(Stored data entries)
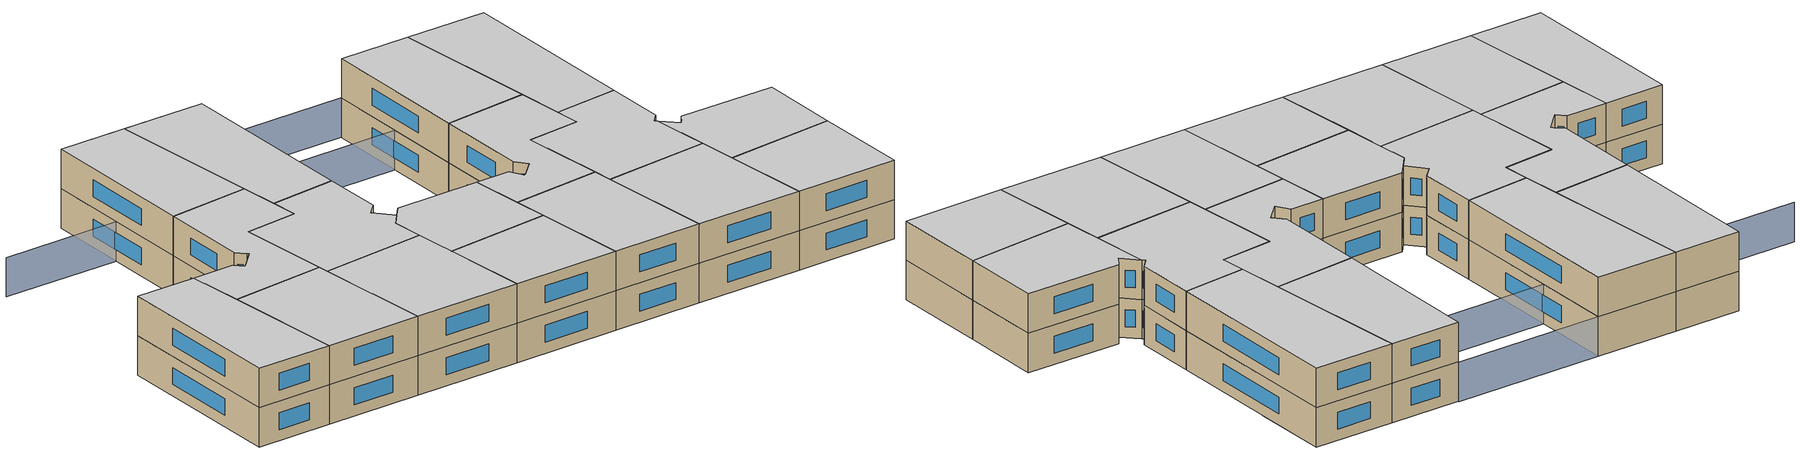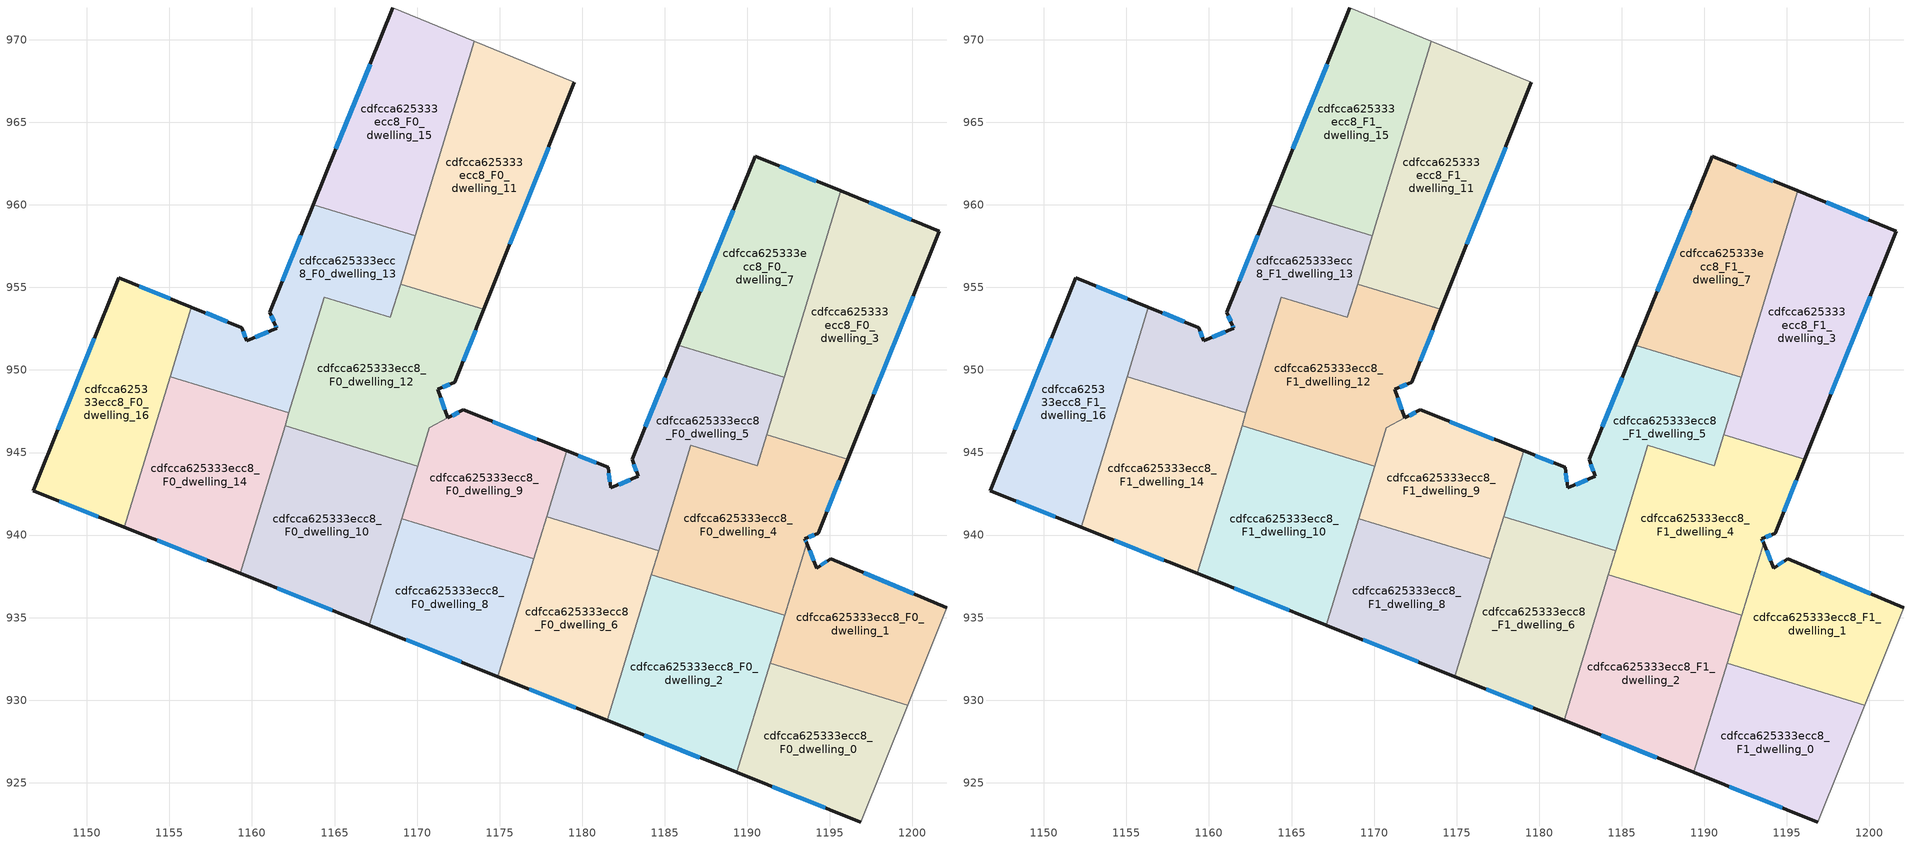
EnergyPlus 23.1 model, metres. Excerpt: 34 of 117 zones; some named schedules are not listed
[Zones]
cdfcca625333ecc8_F0_dwelling_0
 floor ground (EU_floor_Construction): 1199.71,929.7 1196.87,922.62 1189.37,925.62 1191.38,932.23 z0
 wall outside (EU_wall_Construction): 1189.37,925.62 1196.87,922.62 z0:3
 wall to cdfcca625333ecc8_F0_dwelling_1 (EU_wall_Construction): 1199.71,929.7 1191.38,932.23 z0:3
 wall adiabatic (EU_wall_Construction): 1196.87,922.62 1199.71,929.7 z0:3
 wall to cdfcca625333ecc8_F0_dwelling_2 (EU_wall_Construction): 1191.38,932.23 1189.37,925.62 z0:3
 window (EU_Window_Construction): 1191.51,924.77 1194.72,923.48 z0.86:2.14
cdfcca625333ecc8_F0_dwelling_1
 floor ground (EU_floor_Construction): 1202.08,935.61 1199.71,929.7 1191.38,932.23 1193.59,939.51 1194.22,938 1195.05,938.56 z0
 wall outside (EU_wall_Construction): 1202.08,935.61 1195.05,938.56 1194.22,938 1193.59,939.51 z0:3
 wall adiabatic (EU_wall_Construction): 1199.71,929.7 1202.08,935.61 z0:3
 wall to cdfcca625333ecc8_F0_dwelling_4 (EU_wall_Construction): 1193.59,939.51 1192.26,935.13 z0:3
 wall to cdfcca625333ecc8_F0_dwelling_2 (EU_wall_Construction): 1192.26,935.13 1191.38,932.23 z0:3
 window (EU_Window_Construction): 1194.04,938.43 1193.77,939.08 / 1194.81,938.4 1194.46,938.16 / 1200.07,936.45 1197.06,937.72 z0.86:2.14
cdfcca625333ecc8_F0_dwelling_10
 floor ground (EU_floor_Construction): 1170.04,944.17 1167.1,934.54 1159.28,937.67 1162,946.62 z0
 wall outside (EU_wall_Construction): 1159.28,937.67 1167.1,934.54 z0:3
 wall to cdfcca625333ecc8_F0_dwelling_12 (EU_wall_Construction): 1170.04,944.17 1162,946.62 z0:3
 wall to cdfcca625333ecc8_F0_dwelling_14 (EU_wall_Construction): 1162,946.62 1159.28,937.67 z0:3
 wall to cdfcca625333ecc8_F0_dwelling_8 (EU_wall_Construction): 1167.1,934.54 1169.07,941 z0:3
 wall to cdfcca625333ecc8_F0_dwelling_9 (EU_wall_Construction): 1169.07,941 1170.04,944.17 z0:3
 window (EU_Window_Construction): 1161.51,936.78 1164.87,935.44 z0.86:2.14
cdfcca625333ecc8_F0_dwelling_11
 floor ground (EU_floor_Construction): 1179.53,967.43 1174.05,953.67 1169,955.21 1173.48,969.9 z0
 wall outside (EU_wall_Construction): 1174.05,953.67 1179.53,967.43 z0:3
 wall to cdfcca625333ecc8_F0_dwelling_12 (EU_wall_Construction): 1169,955.21 1174.05,953.67 z0:3
 wall adiabatic (EU_wall_Construction): 1179.53,967.43 1173.48,969.9 z0:3
 wall to cdfcca625333ecc8_F0_dwelling_15 (EU_wall_Construction): 1173.48,969.9 1169.89,958.12 z0:3
 wall to cdfcca625333ecc8_F0_dwelling_13 (EU_wall_Construction): 1169.89,958.12 1169,955.21 z0:3
 window (EU_Window_Construction): 1175.61,957.6 1177.96,963.5 z0.86:2.14
cdfcca625333ecc8_F0_dwelling_12
 floor ground (EU_floor_Construction): 1174.05,953.67 1172.29,949.25 1171.26,948.83 1171.85,947.09 1170.75,946.51 1170.04,944.17 1162,946.62 1164.37,954.41 1168.39,953.18 1169,955.21 z0
 wall outside (EU_wall_Construction): 1171.85,947.09 1171.26,948.83 1172.29,949.25 1174.05,953.67 z0:3
 wall to cdfcca625333ecc8_F0_dwelling_13 (EU_wall_Construction): 1169,955.21 1168.39,953.18 1164.37,954.41 1162.24,947.4 z0:3
 wall to cdfcca625333ecc8_F0_dwelling_9 (EU_wall_Construction): 1170.04,944.17 1170.75,946.51 1171.85,947.09 z0:3
 wall to cdfcca625333ecc8_F0_dwelling_14 (EU_wall_Construction): 1162.24,947.4 1162,946.62 z0:3
 window (EU_Window_Construction): 1172.79,950.51 1173.54,952.41 / 1171.55,948.95 1171.99,949.13 / 1171.68,947.59 1171.43,948.33 z0.86:2.14
cdfcca625333ecc8_F0_dwelling_13
 floor ground (EU_floor_Construction): 1169.89,958.12 1168.39,953.18 1164.37,954.41 1162.24,947.4 1155.04,949.6 1156.32,953.81 1159.38,952.57 1159.68,951.77 1161.5,952.54 1161.42,952.72 1161.07,953.5 1163.71,960 z0
 wall outside (EU_wall_Construction): 1163.71,960 1161.07,953.5 1161.42,952.72 1161.5,952.54 1159.68,951.77 1159.38,952.57 1156.32,953.81 z0:3
 wall to cdfcca625333ecc8_F0_dwelling_14 (EU_wall_Construction): 1155.04,949.6 1162.24,947.4 z0:3
 wall to cdfcca625333ecc8_F0_dwelling_15 (EU_wall_Construction): 1169.89,958.12 1163.71,960 z0:3
 wall to cdfcca625333ecc8_F0_dwelling_16 (EU_wall_Construction): 1156.32,953.81 1155.04,949.6 z0:3
 window (EU_Window_Construction): 1158.51,952.92 1157.19,953.45 / 1159.6,952 1159.47,952.34 / 1160.98,952.32 1160.2,951.99 / 1161.44,952.67 1161.48,952.59 / 1161.17,953.28 1161.32,952.94 / 1162.95,958.14 1161.83,955.36 z0.86:2.14
cdfcca625333ecc8_F0_dwelling_14
 floor ground (EU_floor_Construction): 1162.24,947.4 1159.28,937.67 1152.26,940.49 1155.04,949.6 z0
 wall outside (EU_wall_Construction): 1152.26,940.49 1159.28,937.67 z0:3
 wall to cdfcca625333ecc8_F0_dwelling_16 (EU_wall_Construction): 1155.04,949.6 1152.26,940.49 z0:3
 window (EU_Window_Construction): 1154.27,939.68 1157.27,938.48 z0.86:2.14
cdfcca625333ecc8_F0_dwelling_15
 floor ground (EU_floor_Construction): 1173.48,969.9 1169.89,958.12 1163.71,960 1168.53,971.92 z0
 wall outside (EU_wall_Construction): 1168.53,971.92 1163.71,960 z0:3
 wall adiabatic (EU_wall_Construction): 1173.48,969.9 1168.53,971.92 z0:3
 window (EU_Window_Construction): 1167.15,968.52 1165.08,963.41 z0.86:2.14
cdfcca625333ecc8_F0_dwelling_16
 floor ground (EU_floor_Construction): 1156.32,953.81 1152.26,940.49 1146.75,942.69 1151.92,955.59 z0
 wall outside (EU_wall_Construction): 1156.32,953.81 1151.92,955.59 1146.75,942.69 1152.26,940.49 z0:3
 window (EU_Window_Construction): 1150.45,951.91 1148.23,946.38 / 1155.06,954.32 1153.18,955.08 / 1148.33,942.06 1150.69,941.12 z0.86:2.14
cdfcca625333ecc8_F0_dwelling_2
 floor ground (EU_floor_Construction): 1192.26,935.13 1189.37,925.62 1181.51,928.77 1184.19,937.59 z0
 wall outside (EU_wall_Construction): 1181.51,928.77 1189.37,925.62 z0:3
 wall to cdfcca625333ecc8_F0_dwelling_4 (EU_wall_Construction): 1192.26,935.13 1184.19,937.59 z0:3
 wall to cdfcca625333ecc8_F0_dwelling_6 (EU_wall_Construction): 1184.19,937.59 1181.51,928.77 z0:3
 window (EU_Window_Construction): 1183.75,927.87 1187.12,926.52 z0.86:2.14
cdfcca625333ecc8_F0_dwelling_3
 floor ground (EU_floor_Construction): 1201.64,958.4 1196.08,944.59 1191.18,946.08 1195.67,960.84 z0
 wall outside (EU_wall_Construction): 1196.08,944.59 1201.64,958.4 1195.67,960.84 z0:3
 wall to cdfcca625333ecc8_F0_dwelling_4 (EU_wall_Construction): 1191.18,946.08 1196.08,944.59 z0:3
 wall to cdfcca625333ecc8_F0_dwelling_7 (EU_wall_Construction): 1195.67,960.84 1192.24,949.55 z0:3
 wall to cdfcca625333ecc8_F0_dwelling_5 (EU_wall_Construction): 1192.24,949.55 1191.18,946.08 z0:3
 window (EU_Window_Construction): 1197.67,948.54 1200.05,954.46 / 1199.93,959.1 1197.38,960.14 z0.86:2.14
cdfcca625333ecc8_F0_dwelling_4
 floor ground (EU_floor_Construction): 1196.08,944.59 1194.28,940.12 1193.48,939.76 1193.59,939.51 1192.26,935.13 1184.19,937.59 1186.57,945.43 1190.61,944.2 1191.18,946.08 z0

# Requirement
Print exactly the first line of the entries and every line after it through the one that contains "wall outside (EU_wall_Construction): 1189.37,925.62", leaving the pictures out.

# Result for this exercise
EnergyPlus 23.1 model, metres. Excerpt: 34 of 117 zones; some named schedules are not listed
[Zones]
cdfcca625333ecc8_F0_dwelling_0
 floor ground (EU_floor_Construction): 1199.71,929.7 1196.87,922.62 1189.37,925.62 1191.38,932.23 z0
 wall outside (EU_wall_Construction): 1189.37,925.62 1196.87,922.62 z0:3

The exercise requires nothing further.